Extracted data.

========================================================================

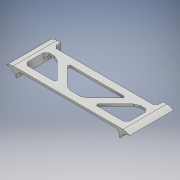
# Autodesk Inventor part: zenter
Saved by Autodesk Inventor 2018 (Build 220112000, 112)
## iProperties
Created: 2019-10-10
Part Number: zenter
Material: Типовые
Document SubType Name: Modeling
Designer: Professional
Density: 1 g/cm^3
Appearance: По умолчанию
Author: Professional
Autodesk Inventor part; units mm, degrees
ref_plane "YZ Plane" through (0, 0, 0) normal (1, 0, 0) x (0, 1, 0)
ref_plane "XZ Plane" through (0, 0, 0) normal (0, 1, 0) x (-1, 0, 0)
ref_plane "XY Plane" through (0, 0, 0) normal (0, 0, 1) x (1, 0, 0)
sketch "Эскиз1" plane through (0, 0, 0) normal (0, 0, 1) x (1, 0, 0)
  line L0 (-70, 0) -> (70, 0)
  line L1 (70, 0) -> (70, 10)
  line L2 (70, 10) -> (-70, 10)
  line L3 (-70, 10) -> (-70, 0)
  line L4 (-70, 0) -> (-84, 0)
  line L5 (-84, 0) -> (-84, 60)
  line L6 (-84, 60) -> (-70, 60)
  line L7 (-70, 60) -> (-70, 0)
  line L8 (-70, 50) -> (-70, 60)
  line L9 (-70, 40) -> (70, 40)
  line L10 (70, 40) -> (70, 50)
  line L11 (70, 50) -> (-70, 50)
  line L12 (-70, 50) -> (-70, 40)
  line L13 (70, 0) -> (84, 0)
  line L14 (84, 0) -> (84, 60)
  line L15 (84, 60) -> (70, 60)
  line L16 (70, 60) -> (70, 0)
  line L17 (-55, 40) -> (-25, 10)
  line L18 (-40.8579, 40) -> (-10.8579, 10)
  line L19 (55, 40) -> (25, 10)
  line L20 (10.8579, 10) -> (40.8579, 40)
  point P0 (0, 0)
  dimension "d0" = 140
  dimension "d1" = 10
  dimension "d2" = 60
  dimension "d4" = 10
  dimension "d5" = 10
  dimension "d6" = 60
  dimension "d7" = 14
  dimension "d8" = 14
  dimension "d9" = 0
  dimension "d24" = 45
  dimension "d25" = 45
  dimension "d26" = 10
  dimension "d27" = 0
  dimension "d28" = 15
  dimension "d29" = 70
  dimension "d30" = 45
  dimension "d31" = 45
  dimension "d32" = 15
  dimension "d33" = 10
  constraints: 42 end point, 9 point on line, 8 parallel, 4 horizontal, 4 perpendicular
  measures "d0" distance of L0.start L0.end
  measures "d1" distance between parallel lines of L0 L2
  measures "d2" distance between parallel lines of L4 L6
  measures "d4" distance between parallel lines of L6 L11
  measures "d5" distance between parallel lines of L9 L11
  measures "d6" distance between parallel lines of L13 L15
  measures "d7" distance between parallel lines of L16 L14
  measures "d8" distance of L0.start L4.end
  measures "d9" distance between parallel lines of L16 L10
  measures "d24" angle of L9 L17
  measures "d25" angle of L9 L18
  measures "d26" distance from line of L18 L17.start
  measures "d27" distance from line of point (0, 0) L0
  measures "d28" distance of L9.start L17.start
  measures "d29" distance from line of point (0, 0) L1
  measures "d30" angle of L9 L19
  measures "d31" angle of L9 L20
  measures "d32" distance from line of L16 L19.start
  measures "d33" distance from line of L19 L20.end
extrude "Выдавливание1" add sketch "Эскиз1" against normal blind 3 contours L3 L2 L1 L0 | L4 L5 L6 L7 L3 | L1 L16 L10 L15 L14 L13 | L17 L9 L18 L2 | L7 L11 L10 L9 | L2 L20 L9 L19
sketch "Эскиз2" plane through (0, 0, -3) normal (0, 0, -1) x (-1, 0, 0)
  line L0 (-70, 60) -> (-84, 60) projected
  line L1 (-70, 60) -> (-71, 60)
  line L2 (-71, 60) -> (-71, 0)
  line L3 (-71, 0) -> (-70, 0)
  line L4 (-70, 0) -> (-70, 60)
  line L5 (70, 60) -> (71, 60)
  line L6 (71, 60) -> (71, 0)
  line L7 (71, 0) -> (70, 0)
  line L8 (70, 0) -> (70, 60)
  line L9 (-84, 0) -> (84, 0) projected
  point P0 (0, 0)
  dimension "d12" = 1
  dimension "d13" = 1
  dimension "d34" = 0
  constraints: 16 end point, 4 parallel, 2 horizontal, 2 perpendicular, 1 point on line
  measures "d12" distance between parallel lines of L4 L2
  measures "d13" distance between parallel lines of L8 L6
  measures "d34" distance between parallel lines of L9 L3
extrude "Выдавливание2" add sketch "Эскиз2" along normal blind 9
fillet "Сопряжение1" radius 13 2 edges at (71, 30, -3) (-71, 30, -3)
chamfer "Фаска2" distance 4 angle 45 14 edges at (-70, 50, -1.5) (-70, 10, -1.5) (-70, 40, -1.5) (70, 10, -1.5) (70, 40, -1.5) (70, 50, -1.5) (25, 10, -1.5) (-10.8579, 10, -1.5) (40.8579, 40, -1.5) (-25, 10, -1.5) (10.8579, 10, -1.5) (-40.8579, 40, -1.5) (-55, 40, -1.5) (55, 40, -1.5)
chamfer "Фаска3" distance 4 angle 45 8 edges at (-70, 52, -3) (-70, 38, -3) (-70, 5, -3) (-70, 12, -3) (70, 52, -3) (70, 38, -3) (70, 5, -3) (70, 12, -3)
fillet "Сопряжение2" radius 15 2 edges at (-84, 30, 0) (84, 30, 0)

========================================================================

Problem to work on.
Match on "normal" and copy out every line of the entries that contains it.

Answer for the task.
ref_plane "YZ Plane" through (0, 0, 0) normal (1, 0, 0) x (0, 1, 0)
ref_plane "XZ Plane" through (0, 0, 0) normal (0, 1, 0) x (-1, 0, 0)
ref_plane "XY Plane" through (0, 0, 0) normal (0, 0, 1) x (1, 0, 0)
sketch "Эскиз1" plane through (0, 0, 0) normal (0, 0, 1) x (1, 0, 0)
extrude "Выдавливание1" add sketch "Эскиз1" against normal blind 3 contours L3 L2 L1 L0 | L4 L5 L6 L7 L3 | L1 L16 L10 L15 L14 L13 | L17 L9 L18 L2 | L7 L11 L10 L9 | L2 L20 L9 L19
sketch "Эскиз2" plane through (0, 0, -3) normal (0, 0, -1) x (-1, 0, 0)
extrude "Выдавливание2" add sketch "Эскиз2" along normal blind 9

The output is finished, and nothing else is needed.